» Action item
Please filter the entries and return only the lines that include "circle".

» Supplied records
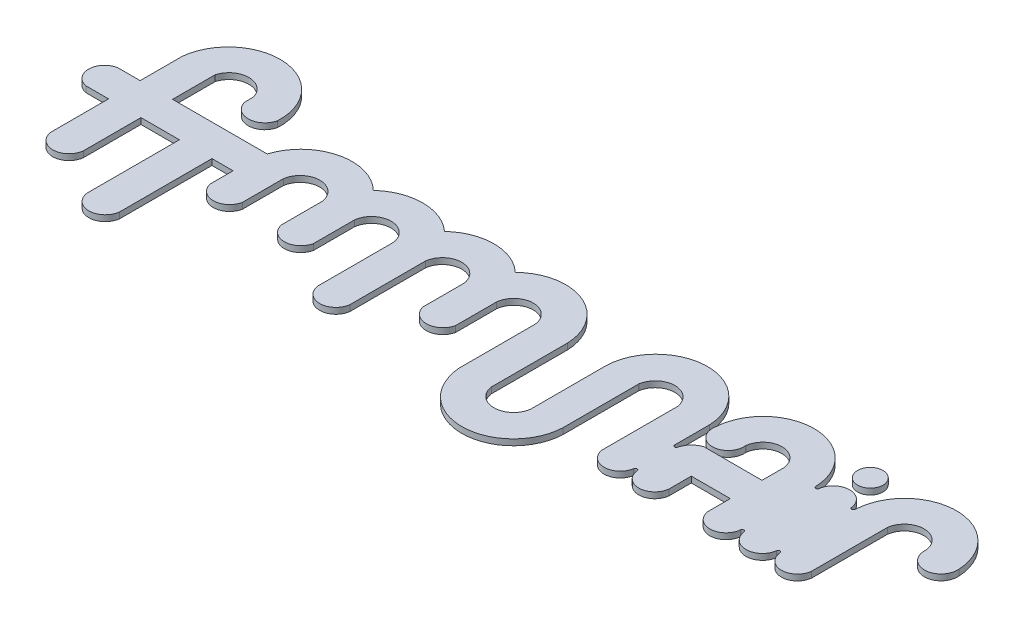
SolidWorks part; units mm, degrees
ref_plane "Front Plane" through (0, 0, 0) normal (0, 0, 1) x (1, 0, 0)
ref_plane "Top Plane" through (0, 0, 0) normal (0, 1, 0) x (1, 0, 0)
ref_plane "Right Plane" through (0, 0, 0) normal (1, 0, 0) x (0, 0, -1)
sketch "Sketch1" plane through (0, 0, 0) normal (0, 1, 0) x (1, 0, 0)
  line L0 (-116.9946, 16.9007) -> (-116.9946, 12.2502)
  line L1 (-113.9943, 12.2502) -> (-113.9943, 16.9007)
  line L2 (-113.9943, 16.9007) -> (-111.0895, 16.9007)
  line L3 (-111.0895, 16.9007) -> (-111.0895, 9.3568)
  line L4 (-108.0773, 9.3568) -> (-108.0773, 16.9007)
  line L5 (-108.0773, 16.9007) -> (-106.6196, 16.9007)
  line L6 (-106.6196, 16.9007) -> (-106.6196, 15.137)
  line L7 (-103.6514, 15.137) -> (-103.6514, 18.563)
  line L8 (-100.6995, 18.563) -> (-100.6995, 15.137)
  line L9 (-97.7168, 15.137) -> (-97.7168, 18.563)
  line L10 (-94.7738, 18.563) -> (-94.7738, 12.2502)
  line L11 (-91.7931, 12.2502) -> (-91.7931, 18.563)
  line L12 (-88.8847, 18.563) -> (-88.8847, 15.137)
  line L13 (-85.8797, 18.563) -> (-85.8797, 15.137)
  line L14 (-82.9638, 18.563) -> (-82.9638, 12.2502)
  line L15 (-79.9588, 18.563) -> (-79.9588, 12.2502)
  line L16 (-77.0206, 12.2502) -> (-77.0206, 18.563)
  line L17 (-74.0378, 18.563) -> (-74.0378, 12.2502)
  line L18 (-71.0978, 18.563) -> (-71.0978, 12.2502)
  line L19 (-68.1406, 15.6814) -> (-68.1406, 18.563)
  line L20 (-62.2481, 16.9007) -> (-62.2481, 18.563)
  line L21 (-53.3251, 18.563) -> (-53.3251, 12.2502)
  line L22 (-62.2481, 13.9582) -> (-62.2481, 12.2502)
  line L23 (-65.1983, 13.9582) -> (-65.1983, 12.2502)
  line L24 (-65.1983, 13.9582) -> (-62.2481, 13.9582)
  line L25 (-62.2481, 16.9007) -> (-66.9589, 16.9007)
  line L26 (-116.9946, 16.9007) -> (-118.7302, 16.9007)
  line L27 (-118.7302, 19.835) -> (-116.9946, 19.835)
  line L28 (-116.9946, 19.835) -> (-116.9946, 23.2141)
  line L29 (-113.9943, 19.835) -> (-113.9943, 23.2141)
  line L30 (-113.9943, 19.835) -> (-106.6196, 19.835)
  line L31 (-106.6196, 19.835) -> (-106.365, 19.835)
  line L32 (-111.0895, 23.1779) -> (-111.0895, 22.4986)
  arc A0 (-116.9946, 12.2502) -> (-113.9943, 12.2502) centre (-115.4945, 12.4086) ccw
  arc A1 (-111.0895, 9.3568) -> (-108.0773, 9.3568) centre (-109.5834, 9.5149) ccw
  arc A2 (-106.6196, 15.137) -> (-103.6514, 15.137) centre (-105.1355, 15.4301) ccw
  arc A3 (-103.6514, 18.563) -> (-100.6995, 18.563) centre (-102.1754, 18.3427) cw
  arc A4 (-100.6995, 15.137) -> (-97.7168, 15.137) centre (-99.2081, 15.4351) ccw
  arc A5 (-74.0378, 18.563) -> (-71.0978, 18.563) centre (-72.5678, 18.3245) cw
  arc A6 (-68.1406, 18.563) -> (-77.0206, 18.563) centre (-72.5806, 18.4003) ccw
  arc A7 (-59.2724, 18.563) -> (-56.2665, 18.563) centre (-57.7695, 18.354) cw
  arc A8 (-56.2665, 18.563) -> (-47.3348, 18.563) centre (-51.8006, 18.3366) cw
  arc A9 (-53.3251, 18.563) -> (-50.3836, 18.563) centre (-51.8543, 18.3665) cw
  arc A10 (-50.3836, 18.563) -> (-47.3348, 18.563) centre (-48.8592, 18.4267) ccw
  arc A11 (-62.2481, 12.2502) -> (-59.2724, 12.2502) centre (-60.7603, 12.4178) ccw
  arc A12 (-59.2724, 12.2502) -> (-56.2665, 12.2502) centre (-57.7695, 12.4564) ccw
  arc A13 (-56.2665, 12.2502) -> (-53.3251, 12.2502) centre (-54.7958, 12.3973) ccw
  arc A14 (-65.1312, 18.563) -> (-68.0545, 18.563) centre (-66.5929, 18.4231) cw
  arc A15 (-65.1983, 12.2502) -> (-68.1406, 12.2086) centre (-66.6717, 12.3897) cw
  arc A16 (-68.1406, 12.2086) -> (-71.0978, 12.2502) centre (-69.616, 12.4599) cw
  arc A17 (-77.0206, 12.2502) -> (-79.7559, 11.6503) centre (-78.4996, 12.4582) cw
  arc A19 (-82.7025, 11.004) -> (-74.0378, 12.2502) centre (-78.4846, 12.4231) ccw
  arc A21 (-88.8847, 15.137) -> (-85.8797, 15.137) centre (-87.3822, 15.4472) ccw
  arc A22 (-94.7738, 12.2502) -> (-91.7931, 12.2502) centre (-93.2834, 12.4323) ccw
  arc A23 (-97.7168, 18.563) -> (-94.7738, 18.563) centre (-96.2453, 18.3633) cw
  arc A24 (-91.7931, 18.563) -> (-88.8847, 18.563) centre (-90.3389, 18.3568) cw
  arc A25 (-85.8797, 18.563) -> (-82.9638, 18.563) centre (-84.4218, 18.396) cw
  arc A26 (-118.7302, 16.9007) -> (-118.7302, 19.835) centre (-118.4862, 18.3679) cw
  arc A27 (-106.365, 19.835) -> (-99.2081, 21.6807) centre (-102.1814, 18.4112) cw
  arc A28 (-99.2081, 21.6807) -> (-93.2834, 21.6807) centre (-96.2458, 18.2634) cw
  arc A29 (-93.2834, 21.6807) -> (-87.3822, 21.6807) centre (-90.3328, 18.3636) cw
  arc A30 (-87.3822, 21.6807) -> (-79.9588, 18.563) centre (-84.3886, 18.4119) cw
  arc A31 (-116.9946, 23.2141) -> (-108.0773, 22.4986) centre (-112.5461, 22.7301) cw
  arc A32 (-113.9943, 23.2141) -> (-111.0895, 23.1779) centre (-112.5471, 22.7848) cw
  arc A33 (-108.0773, 22.4986) -> (-111.0895, 22.4986) centre (-109.5834, 22.8167) cw
  arc A34 (-62.2481, 18.563) -> (-65.1312, 18.563) centre (-63.6897, 18.4073) ccw
  arc A35 (-68.0545, 18.563) -> (-59.2724, 18.563) centre (-63.6635, 18.4119) cw
  arc A36 (-68.1406, 15.6814) -> (-66.9589, 16.9007) centre (-66.4748, 15.2493) cw
  circle A37 centre (-57.7695, 21.4446) radius 1.2093
  arc A38 (-79.9588, 12.2502) -> (-79.7559, 11.6503) centre (-78.4228, 12.4354) ccw
  arc A39 (-82.9638, 12.2502) -> (-82.7025, 11.004) centre (-78.9875, 12.4335) ccw
extrude "Boss-Extrude1" add sketch "Sketch1" along normal blind 0.5
sketch "Sketch2" plane through (0, 0.5, 0) normal (0, 1, 0) x (1, 0, 0)
  line L0 (-65.3483, 12.2575) -> (-65.3483, 14.1082)
  line L1 (-68.2906, 15.6814) -> (-68.2906, 18.5602)
  line L2 (-76.8706, 18.5602) -> (-76.8706, 12.24)
  line L3 (-80.1088, 12.2414) -> (-80.1088, 18.5604)
  line L4 (-106.2562, 19.685) -> (-114.1443, 19.685)
  line L5 (-114.1443, 19.685) -> (-114.1443, 23.2353)
  line L6 (-110.9395, 23.1972) -> (-110.9395, 22.5147)
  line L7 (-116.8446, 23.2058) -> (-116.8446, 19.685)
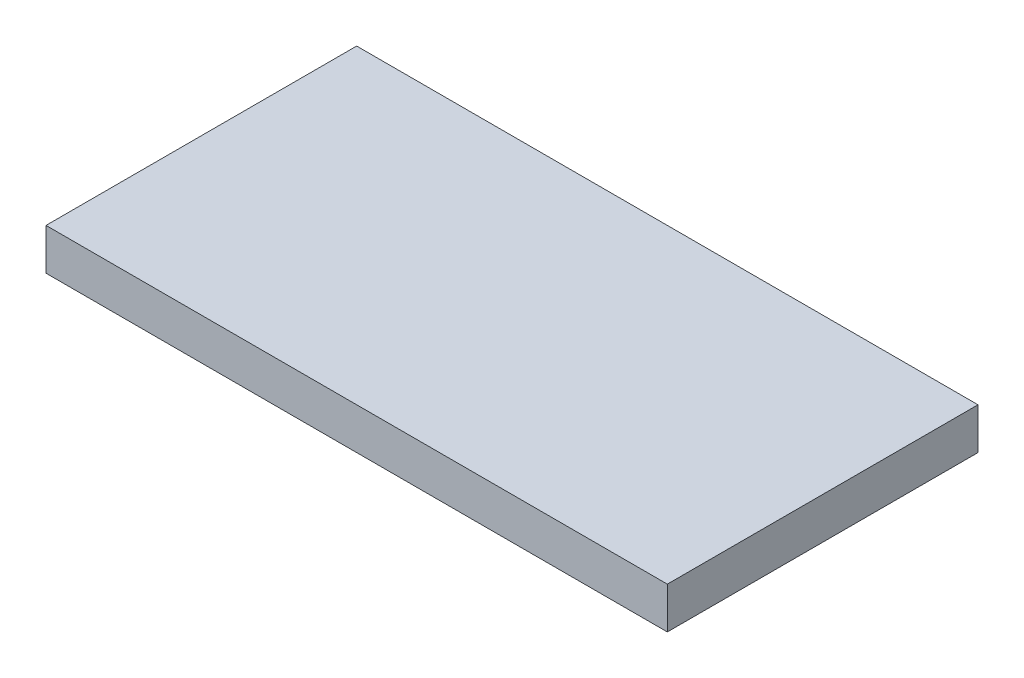
SolidWorks part; units mm, degrees
ref_plane "Front Plane" through (0, 0, 0) normal (0, 0, 1) x (1, 0, 0)
ref_plane "Top Plane" through (0, 0, 0) normal (0, 1, 0) x (1, 0, 0)
ref_plane "Right Plane" through (0, 0, 0) normal (1, 0, 0) x (0, 0, -1)
sketch "Sketch1" plane through (0, 0, 0) normal (0, 1, 0) x (1, 0, 0)
  line L1 (0, 0) -> (192, 0)
  line L2 (0, 0) -> (0, 96)
  line L3 (0, 96) -> (192, 96)
  line L4 (192, 0) -> (192, 96)
  dimension "D1" = 192
  dimension "D2" = 96
extrude "Boss-Extrude1" add sketch "Sketch1" along normal blind 12.8
sketch "Sketch2" plane through (0, 0, 0) normal (0, -1, 0) x (1, 0, 0)
  line L0 (192, 0) -> (192, -96) construction
  line L1 (179.5, -12.5) -> (12.5, -12.5)
  line L2 (179.5, -12.5) -> (179.5, -83.5)
  line L3 (179.5, -83.5) -> (12.5, -83.5)
  line L4 (12.5, -12.5) -> (12.5, -83.5)
  line L5 (0, 0) -> (192, 0) construction
  line L6 (192, -96) -> (0, -96) construction
  line L7 (0, -96) -> (0, 0) construction
  dimension "D1" = 12.5
  dimension "D2" = 12.5
  dimension "D3" = 12.5
  dimension "D4" = 12.5
extrude "Cut-Extrude1" cut sketch "Sketch2" against normal blind 9.2
hole_wizard "M3 Clearance Hole1" positions "Sketch3" profile "Sketch5" hole size "M3" standard "ANSI Metric"
sketch "Sketch3" plane through (0, 0, 0) normal (0, -1, 0) x (-1, 0, 0)
  line L0 (0, 0) -> (-192, 0) construction
  line L1 (0, 96) -> (0, 0) construction
  line L2 (-192, 96) -> (0, 96) construction
  line L3 (-192, 0) -> (-192, 96) construction
  point P0 (-13, 9.1)
  point P2 (-96, 9.1)
  point P4 (-179, 9.1)
  point P6 (-179, 86.9)
  point P8 (-96, 86.9)
  point P10 (-13, 86.9)
  dimension "D1" = 9.1
  dimension "D2" = 13
  dimension "D3" = 13
  dimension "D4" = 9.1
  dimension "D5" = 9.1
  dimension "D6" = 9.1
  dimension "D7" = 9.1
  dimension "D8" = 9.1
  dimension "D9" = 13
  dimension "D10" = 13
  dimension "D11" = 96
  dimension "D12" = 96
sketch "Sketch5" plane through (13, 0, -9.1) normal (1, 0, 0) x (0, 0, -1)
  line L0 (0, 0) -> (0, 6.0215)
  line L1 (0, 6.0215) -> (1.7, 5)
  line L2 (1.7, 5) -> (1.7, 0)
  line L5 (1.7, 0) -> (0, 0)
  line L10 (0, 6.0215) -> (-1.7, 5) construction
  line L11 (0, -6.35) -> (0, 107.95) construction
  dimension "Hole Dia." = 3.4
  dimension "Hole Depth" = 5
  dimension "Drill Angle" = 118
sketch "Sketch6" plane through (0, 9.2, 0) normal (0, -1, 0) x (1, 0, 0)
  line L0 (0, -96) -> (0, 0) construction
  line L1 (16.5, -33.9) -> (25.1, -33.9)
  line L2 (16.5, -33.9) -> (16.5, -61.7)
  line L3 (16.5, -61.7) -> (25.1, -61.7)
  line L4 (25.1, -33.9) -> (25.1, -61.7)
  line L5 (192, 0) -> (192, -96) construction
  line L6 (175.5, -33.9) -> (166.9, -33.9)
  line L7 (175.5, -33.9) -> (175.5, -61.7)
  line L8 (175.5, -61.7) -> (166.9, -61.7)
  line L9 (166.9, -33.9) -> (166.9, -61.7)
  line L10 (0, 0) -> (192, 0) construction
  dimension "D1" = 8.6
  dimension "D2" = 27.8
  dimension "D3" = 25.1
  dimension "D4" = 27.8
  dimension "D5" = 8.6
  dimension "D6" = 25.1
  dimension "D7" = 61.7
  dimension "D8" = 61.7
extrude "Boss-Extrude2" add sketch "Sketch6" along normal blind 9.6
sketch "Sketch7" plane through (0, 9.2, 0) normal (0, -1, 0) x (1, 0, 0)
  line L0 (0, 0) -> (192, 0) construction
  line L1 (106.1, -39.3) -> (122, -39.3)
  line L2 (106.1, -39.3) -> (106.1, -46.9)
  line L3 (106.1, -46.9) -> (122, -46.9)
  line L4 (122, -39.3) -> (122, -46.9)
  line L5 (192, 0) -> (192, -96) construction
  dimension "D1" = 15.9
  dimension "D2" = 7.6
  dimension "D3" = 39.3
  dimension "D4" = 70
extrude "Boss-Extrude3" add sketch "Sketch7" along normal blind 11.2
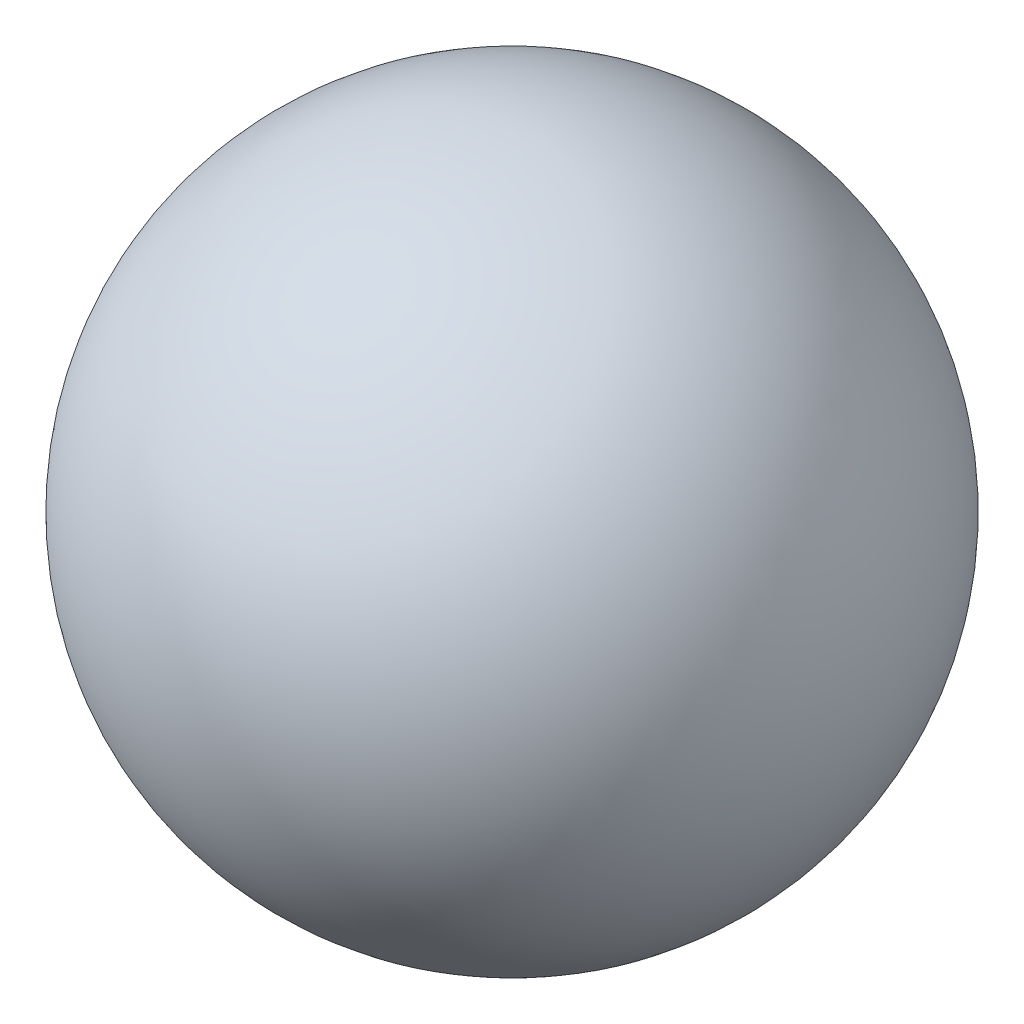
SolidWorks part; units mm, degrees
ref_plane "Alzado" through (0, 0, 0) normal (0, 0, 1) x (1, 0, 0)
ref_plane "Planta" through (0, 0, 0) normal (0, 1, 0) x (1, 0, 0)
ref_plane "Vista lateral" through (0, 0, 0) normal (1, 0, 0) x (0, 0, -1)
sketch "Croquis1" plane through (0, 0, 0) normal (0, 0, 1) x (1, 0, 0)
  line L0 (0, 15.8396) -> (0, -18.3036) construction
  line L1 (0, 25.4) -> (0, -25.4)
  arc A0 (0, -25.4) -> (0, 25.4) centre (0, 0) ccw
  dimension "D1" = 50.8
revolve "Revolución3" add sketch "Croquis1" angle 360 about L0
ref_plane "Plano1" through (25.4, 0, 0) normal (1, 0, 0) x (0, 0, -1)
sketch "Croquis4" plane through (25.4, 0, 0) normal (1, 0, 0) x (0, 0, -1)
sketch "Croquis5" plane through (0, 0, 0) normal (0, 1, 0) x (1, 0, 0)
  line L0 (0, 0) -> (25.4, 0)
  line L1 (25.4, -27.94) -> (25.4, 27.94) construction
  line L2 (0, 0) -> (0, 25.4)
  circle A0 centre (0, 0) radius 25.4 construction
  arc A1 (0, 25.4) -> (25.4, 0) centre (0, 0) cw
  dimension "D1" = 25.4

» Answer below
  circle A37 centre (-57.7695, 21.4446) radius 1.2093
  circle A0 centre (0, 0) radius 25.4 construction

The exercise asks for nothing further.